How should the search committee be staffed?
One person will be required to devote considerable time to ensuring that the committee’s work is done carefully. This can be a member of the committee, an outside consultant, or a staff member. Whoever takes on this responsibility should be reliable, discreet, and able to devote the time it takes for this critical process.
How does the rest of the board participate in the search process?
Care should be taken to ensure those not on the search committee feel they are informed of the process and have ownership over the direction of the search. It takes less time to involve them upfront than to neutralize them after-the-fact.
Handling the vacancy
Finding a suitable person to fill the vacancy of the executive director position can sometimes take time. During the interim, the board can appoint a staff member, someone from outside the organization, or a board member to temporarily fill the vacancy.
Should a staff person be appointed as acting director during the hiring process?
If a suitable person is available, this can have many advantages. It can allow the board the time it needs to properly conduct this process. It can position the organization to move forward confidently in a time of uncertainty. The board can evaluate the acting director as a potential candidate to fill the position permanently. There are risks when a staff member is appointed to this interim position. The person appointed to the temporary position may get used to the position and find it difficult to return to their former job when a new director is hired. The incoming director may view the interim as a threat and often the interim will find a job elsewhere, usually taking valuable organizational history with them. Sometimes, the board will appoint the interim by default to the directorship after lengthy and fruitless searches. The new director feels like they were the board’s last choice. It is a bad way to start a new relationship.

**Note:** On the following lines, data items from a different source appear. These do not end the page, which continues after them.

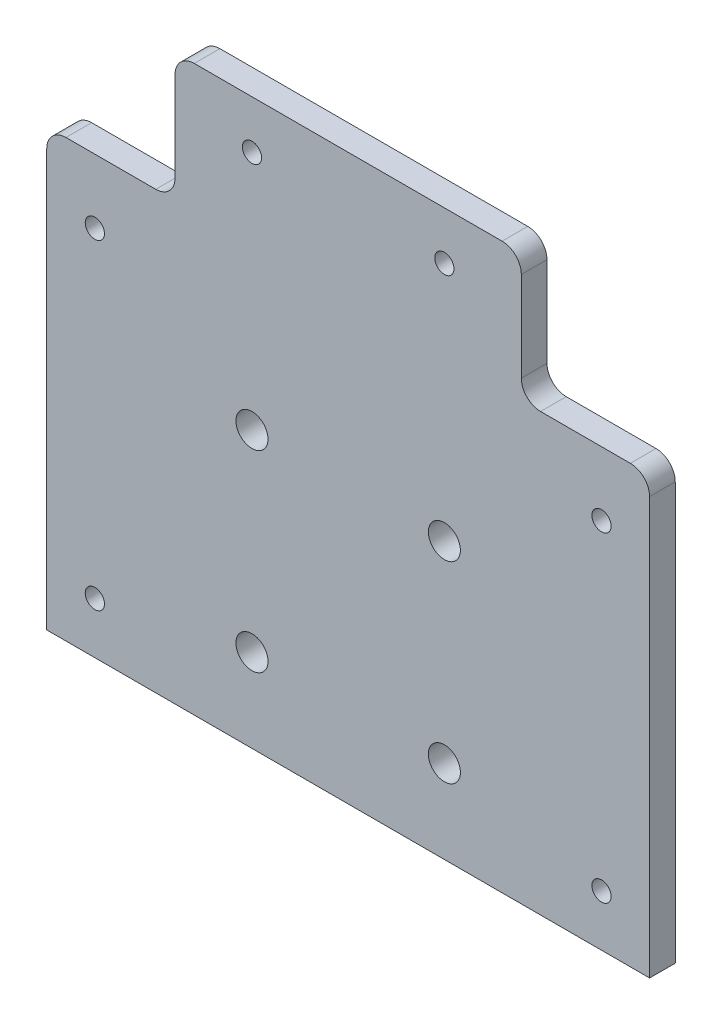
ISO-10303-21;
HEADER;
FILE_DESCRIPTION(('STEP AP214'),'2;1');
FILE_NAME('part.step','',(''),(''),'','','');
FILE_SCHEMA(('AUTOMOTIVE_DESIGN { 1 0 10303 214 1 1 1 1 }'));
ENDSEC;
DATA;
#1=APPLICATION_CONTEXT('core data for automotive mechanical design processes');
#2=APPLICATION_PROTOCOL_DEFINITION('international standard','automotive_design',2000,#1);
#3=PRODUCT_CONTEXT('',#1,'mechanical');
#4=PRODUCT('Part','Part','',(#3));
#5=PRODUCT_RELATED_PRODUCT_CATEGORY('part','',(#4));
#6=PRODUCT_DEFINITION_FORMATION('','',#4);
#7=PRODUCT_DEFINITION_CONTEXT('part definition',#1,'design');
#8=PRODUCT_DEFINITION('design','',#6,#7);
#9=PRODUCT_DEFINITION_SHAPE('','',#8);
#10=(LENGTH_UNIT() NAMED_UNIT(*) SI_UNIT(.MILLI.,.METRE.));
#11=(NAMED_UNIT(*) PLANE_ANGLE_UNIT() SI_UNIT($,.RADIAN.));
#12=(NAMED_UNIT(*) SI_UNIT($,.STERADIAN.) SOLID_ANGLE_UNIT());
#13=UNCERTAINTY_MEASURE_WITH_UNIT(LENGTH_MEASURE(1.E-05),#10,'distance_accuracy_value','');
#14=(GEOMETRIC_REPRESENTATION_CONTEXT(3) GLOBAL_UNCERTAINTY_ASSIGNED_CONTEXT((#13)) GLOBAL_UNIT_ASSIGNED_CONTEXT((#10,
#11,#12)) REPRESENTATION_CONTEXT('',''));
#15=CARTESIAN_POINT('',(0.,0.,0.));
#16=DIRECTION('',(0.,0.,1.));
#17=DIRECTION('',(1.,0.,0.));
#18=AXIS2_PLACEMENT_3D('',#15,#16,#17);
#19=CARTESIAN_POINT('',(47.,44.,4.));
#20=DIRECTION('',(-1.,0.,0.));
#21=DIRECTION('',(0.,-1.,0.));
#22=AXIS2_PLACEMENT_3D('',#19,#20,#21);
#23=PLANE('',#22);
#24=DIRECTION('',(0.,1.,0.));
#25=VECTOR('',#24,1.);
#26=CARTESIAN_POINT('',(47.,44.,0.));
#27=LINE('',#26,#25);
#28=CARTESIAN_POINT('',(47.,-44.,0.));
#29=VERTEX_POINT('',#28);
#30=CARTESIAN_POINT('',(47.,21.,0.));
#31=VERTEX_POINT('',#30);
#32=EDGE_CURVE('E172',#29,#31,#27,.T.);
#33=ORIENTED_EDGE('',*,*,#32,.T.);
#34=DIRECTION('',(0.,0.,1.));
#35=VECTOR('',#34,1.);
#36=CARTESIAN_POINT('',(47.,21.,4.));
#37=LINE('',#36,#35);
#38=CARTESIAN_POINT('',(47.,21.,4.));
#39=VERTEX_POINT('',#38);
#40=EDGE_CURVE('E160',#31,#39,#37,.T.);
#41=ORIENTED_EDGE('',*,*,#40,.T.);
#42=DIRECTION('',(0.,1.,0.));
#43=VECTOR('',#42,1.);
#44=CARTESIAN_POINT('',(47.,44.,4.));
#45=LINE('',#44,#43);
#46=CARTESIAN_POINT('',(47.,-44.,4.));
#47=VERTEX_POINT('',#46);
#48=EDGE_CURVE('E185',#47,#39,#45,.T.);
#49=ORIENTED_EDGE('',*,*,#48,.F.);
#50=DIRECTION('',(0.,0.,-1.));
#51=VECTOR('',#50,1.);
#52=CARTESIAN_POINT('',(47.,-44.,4.));
#53=LINE('',#52,#51);
#54=EDGE_CURVE('E161',#47,#29,#53,.T.);
#55=ORIENTED_EDGE('',*,*,#54,.T.);
#56=EDGE_LOOP('',(#33,#41,#49,#55));
#57=FACE_BOUND('',#56,.T.);
#58=ADVANCED_FACE('F39',(#57),#23,.F.);
#59=CARTESIAN_POINT('',(-47.,44.,4.));
#60=DIRECTION('',(0.,-1.,0.));
#61=DIRECTION('',(0.,0.,-1.));
#62=AXIS2_PLACEMENT_3D('',#59,#60,#61);
#63=PLANE('',#62);
#64=DIRECTION('',(-1.,0.,0.));
#65=VECTOR('',#64,1.);
#66=CARTESIAN_POINT('',(-47.,44.,0.));
#67=LINE('',#66,#65);
#68=CARTESIAN_POINT('',(24.,44.,0.));
#69=VERTEX_POINT('',#68);
#70=CARTESIAN_POINT('',(-24.,44.,0.));
#71=VERTEX_POINT('',#70);
#72=EDGE_CURVE('E176',#69,#71,#67,.T.);
#73=ORIENTED_EDGE('',*,*,#72,.T.);
#74=DIRECTION('',(0.,0.,1.));
#75=VECTOR('',#74,1.);
#76=CARTESIAN_POINT('',(-24.,44.,4.));
#77=LINE('',#76,#75);
#78=CARTESIAN_POINT('',(-24.,44.,4.));
#79=VERTEX_POINT('',#78);
#80=EDGE_CURVE('E232',#71,#79,#77,.T.);
#81=ORIENTED_EDGE('',*,*,#80,.T.);
#82=DIRECTION('',(-1.,0.,0.));
#83=VECTOR('',#82,1.);
#84=CARTESIAN_POINT('',(-47.,44.,4.));
#85=LINE('',#84,#83);
#86=CARTESIAN_POINT('',(24.,44.,4.));
#87=VERTEX_POINT('',#86);
#88=EDGE_CURVE('E151',#87,#79,#85,.T.);
#89=ORIENTED_EDGE('',*,*,#88,.F.);
#90=DIRECTION('',(0.,0.,1.));
#91=VECTOR('',#90,1.);
#92=CARTESIAN_POINT('',(24.,44.,4.));
#93=LINE('',#92,#91);
#94=EDGE_CURVE('E229',#87,#69,#93,.F.);
#95=ORIENTED_EDGE('',*,*,#94,.T.);
#96=EDGE_LOOP('',(#73,#81,#89,#95));
#97=FACE_BOUND('',#96,.T.);
#98=ADVANCED_FACE('F310',(#97),#63,.F.);
#99=CARTESIAN_POINT('',(-47.,44.,4.));
#100=DIRECTION('',(1.,0.,0.));
#101=DIRECTION('',(0.,1.,0.));
#102=AXIS2_PLACEMENT_3D('',#99,#100,#101);
#103=PLANE('',#102);
#104=DIRECTION('',(0.,-1.,0.));
#105=VECTOR('',#104,1.);
#106=CARTESIAN_POINT('',(-47.,44.,4.));
#107=LINE('',#106,#105);
#108=CARTESIAN_POINT('',(-47.,21.,4.));
#109=VERTEX_POINT('',#108);
#110=CARTESIAN_POINT('',(-47.,-44.,4.));
#111=VERTEX_POINT('',#110);
#112=EDGE_CURVE('E141',#109,#111,#107,.T.);
#113=ORIENTED_EDGE('',*,*,#112,.F.);
#114=DIRECTION('',(0.,0.,1.));
#115=VECTOR('',#114,1.);
#116=CARTESIAN_POINT('',(-47.,21.,4.));
#117=LINE('',#116,#115);
#118=CARTESIAN_POINT('',(-47.,21.,0.));
#119=VERTEX_POINT('',#118);
#120=EDGE_CURVE('E55',#109,#119,#117,.F.);
#121=ORIENTED_EDGE('',*,*,#120,.T.);
#122=DIRECTION('',(0.,-1.,0.));
#123=VECTOR('',#122,1.);
#124=CARTESIAN_POINT('',(-47.,44.,0.));
#125=LINE('',#124,#123);
#126=CARTESIAN_POINT('',(-47.,-44.,0.));
#127=VERTEX_POINT('',#126);
#128=EDGE_CURVE('E156',#119,#127,#125,.T.);
#129=ORIENTED_EDGE('',*,*,#128,.T.);
#130=DIRECTION('',(0.,0.,-1.));
#131=VECTOR('',#130,1.);
#132=CARTESIAN_POINT('',(-47.,-44.,4.));
#133=LINE('',#132,#131);
#134=EDGE_CURVE('E154',#111,#127,#133,.T.);
#135=ORIENTED_EDGE('',*,*,#134,.F.);
#136=EDGE_LOOP('',(#113,#121,#129,#135));
#137=FACE_BOUND('',#136,.T.);
#138=ADVANCED_FACE('F155',(#137),#103,.F.);
#139=CARTESIAN_POINT('',(-47.,-44.,4.));
#140=DIRECTION('',(0.,1.,0.));
#141=DIRECTION('',(0.,0.,1.));
#142=AXIS2_PLACEMENT_3D('',#139,#140,#141);
#143=PLANE('',#142);
#144=DIRECTION('',(1.,0.,0.));
#145=VECTOR('',#144,1.);
#146=CARTESIAN_POINT('',(-47.,-44.,0.));
#147=LINE('',#146,#145);
#148=EDGE_CURVE('E183',#127,#29,#147,.T.);
#149=ORIENTED_EDGE('',*,*,#148,.T.);
#150=ORIENTED_EDGE('',*,*,#54,.F.);
#151=DIRECTION('',(1.,0.,0.));
#152=VECTOR('',#151,1.);
#153=CARTESIAN_POINT('',(-47.,-44.,4.));
#154=LINE('',#153,#152);
#155=EDGE_CURVE('E146',#111,#47,#154,.T.);
#156=ORIENTED_EDGE('',*,*,#155,.F.);
#157=ORIENTED_EDGE('',*,*,#134,.T.);
#158=EDGE_LOOP('',(#149,#150,#156,#157));
#159=FACE_BOUND('',#158,.T.);
#160=ADVANCED_FACE('F163',(#159),#143,.F.);
#161=CARTESIAN_POINT('',(0.,0.,4.));
#162=DIRECTION('',(0.,0.,1.));
#163=DIRECTION('',(1.,0.,0.));
#164=AXIS2_PLACEMENT_3D('',#161,#162,#163);
#165=PLANE('',#164);
#166=CARTESIAN_POINT('',(39.5,14.,4.));
#167=DIRECTION('',(0.,0.,1.));
#168=DIRECTION('',(1.,0.,0.));
#169=AXIS2_PLACEMENT_3D('',#166,#167,#168);
#170=CIRCLE('',#169,1.5);
#171=CARTESIAN_POINT('',(41.,14.,4.));
#172=VERTEX_POINT('',#171);
#173=EDGE_CURVE('E431',#172,#172,#170,.T.);
#174=ORIENTED_EDGE('',*,*,#173,.F.);
#175=EDGE_LOOP('',(#174));
#176=FACE_BOUND('',#175,.T.);
#177=CARTESIAN_POINT('',(39.5,-36.,4.));
#178=DIRECTION('',(0.,0.,1.));
#179=DIRECTION('',(1.,0.,0.));
#180=AXIS2_PLACEMENT_3D('',#177,#178,#179);
#181=CIRCLE('',#180,1.5);
#182=CARTESIAN_POINT('',(41.,-36.,4.));
#183=VERTEX_POINT('',#182);
#184=EDGE_CURVE('E439',#183,#183,#181,.T.);
#185=ORIENTED_EDGE('',*,*,#184,.F.);
#186=EDGE_LOOP('',(#185));
#187=FACE_BOUND('',#186,.T.);
#188=CARTESIAN_POINT('',(15.,36.5,4.));
#189=DIRECTION('',(0.,0.,1.));
#190=DIRECTION('',(-1.,0.,0.));
#191=AXIS2_PLACEMENT_3D('',#188,#189,#190);
#192=CIRCLE('',#191,1.5);
#193=CARTESIAN_POINT('',(13.5,36.5,4.));
#194=VERTEX_POINT('',#193);
#195=EDGE_CURVE('E447',#194,#194,#192,.T.);
#196=ORIENTED_EDGE('',*,*,#195,.F.);
#197=EDGE_LOOP('',(#196));
#198=FACE_BOUND('',#197,.T.);
#199=CARTESIAN_POINT('',(-39.5,-36.,4.));
#200=DIRECTION('',(0.,0.,1.));
#201=DIRECTION('',(-1.,0.,0.));
#202=AXIS2_PLACEMENT_3D('',#199,#200,#201);
#203=CIRCLE('',#202,1.5);
#204=CARTESIAN_POINT('',(-41.,-36.,4.));
#205=VERTEX_POINT('',#204);
#206=EDGE_CURVE('E423',#205,#205,#203,.T.);
#207=ORIENTED_EDGE('',*,*,#206,.F.);
#208=EDGE_LOOP('',(#207));
#209=FACE_BOUND('',#208,.T.);
#210=CARTESIAN_POINT('',(-39.5,14.,4.));
#211=DIRECTION('',(0.,0.,1.));
#212=DIRECTION('',(-1.,0.,0.));
#213=AXIS2_PLACEMENT_3D('',#210,#211,#212);
#214=CIRCLE('',#213,1.5);
#215=CARTESIAN_POINT('',(-41.,14.,4.));
#216=VERTEX_POINT('',#215);
#217=EDGE_CURVE('E418',#216,#216,#214,.T.);
#218=ORIENTED_EDGE('',*,*,#217,.F.);
#219=EDGE_LOOP('',(#218));
#220=FACE_BOUND('',#219,.T.);
#221=CARTESIAN_POINT('',(-15.,36.5,4.));
#222=DIRECTION('',(0.,0.,1.));
#223=DIRECTION('',(1.,0.,0.));
#224=AXIS2_PLACEMENT_3D('',#221,#222,#223);
#225=CIRCLE('',#224,1.5);
#226=CARTESIAN_POINT('',(-13.5,36.5,4.));
#227=VERTEX_POINT('',#226);
#228=EDGE_CURVE('E430',#227,#227,#225,.T.);
#229=ORIENTED_EDGE('',*,*,#228,.F.);
#230=EDGE_LOOP('',(#229));
#231=FACE_BOUND('',#230,.T.);
#232=CARTESIAN_POINT('',(-15.,-31.,4.));
#233=DIRECTION('',(0.,0.,1.));
#234=DIRECTION('',(1.,0.,0.));
#235=AXIS2_PLACEMENT_3D('',#232,#233,#234);
#236=CIRCLE('',#235,2.5);
#237=CARTESIAN_POINT('',(-12.5,-31.,4.));
#238=VERTEX_POINT('',#237);
#239=EDGE_CURVE('E462',#238,#238,#236,.T.);
#240=ORIENTED_EDGE('',*,*,#239,.F.);
#241=EDGE_LOOP('',(#240));
#242=FACE_BOUND('',#241,.T.);
#243=CARTESIAN_POINT('',(15.,-31.,4.));
#244=DIRECTION('',(0.,0.,1.));
#245=DIRECTION('',(1.,0.,0.));
#246=AXIS2_PLACEMENT_3D('',#243,#244,#245);
#247=CIRCLE('',#246,2.49999999999999);
#248=CARTESIAN_POINT('',(17.5,-31.,4.));
#249=VERTEX_POINT('',#248);
#250=EDGE_CURVE('E479',#249,#249,#247,.T.);
#251=ORIENTED_EDGE('',*,*,#250,.F.);
#252=EDGE_LOOP('',(#251));
#253=FACE_BOUND('',#252,.T.);
#254=CARTESIAN_POINT('',(15.,-1.00000000000001,4.));
#255=DIRECTION('',(0.,0.,1.));
#256=DIRECTION('',(1.,0.,0.));
#257=AXIS2_PLACEMENT_3D('',#254,#255,#256);
#258=CIRCLE('',#257,2.49999999999999);
#259=CARTESIAN_POINT('',(17.5,-1.00000000000001,4.));
#260=VERTEX_POINT('',#259);
#261=EDGE_CURVE('E471',#260,#260,#258,.T.);
#262=ORIENTED_EDGE('',*,*,#261,.F.);
#263=EDGE_LOOP('',(#262));
#264=FACE_BOUND('',#263,.T.);
#265=CARTESIAN_POINT('',(-15.,-1.00000000000001,4.));
#266=DIRECTION('',(0.,0.,1.));
#267=DIRECTION('',(1.,0.,0.));
#268=AXIS2_PLACEMENT_3D('',#265,#266,#267);
#269=CIRCLE('',#268,2.5);
#270=CARTESIAN_POINT('',(-12.5,-1.00000000000001,4.));
#271=VERTEX_POINT('',#270);
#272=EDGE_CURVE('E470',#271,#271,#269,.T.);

Is appointing an interim director from outside the organization a good idea?
While this option offers many of the same advantages as naming someone from inside the organization as interim, it is often difficult to implement. The person from outside will probably lack the information and experience to really run the organization. With this handicap, this person may fail at gaining the confidence of the other staff and the board. Alternatively, this appointment might give this person the inside track on becoming the permanent replacement and could make the interim appointment a trial run for a promising candidate. The board needs to make its expectations and conditions of this type of appointment extremely clear to avoid problems for everyone involved.
Is there wisdom in appointing a board member as the interim director?
Almost always, this is a bad idea. While a board member will have a deeper understanding of the organization’s mission and programs than an outsider, this solution is likely to create difficulties. Some board members in this position become accustomed to running the organization and like micromanaging the staff; this practice can be hard to stop after a director is hired. The authority the board member carries makes it hard for the staff to alert the board when things are going badly. Board members are likely to feel more like they are doing the organization a favor and feel empowered to pick and choose what they do. One board member serving as interim director did not care for writing grants or organizing fundraising events, so they didn’t. The board didn’t fully understand the financial implications of their decision for almost a year and it took nearly five years to recover!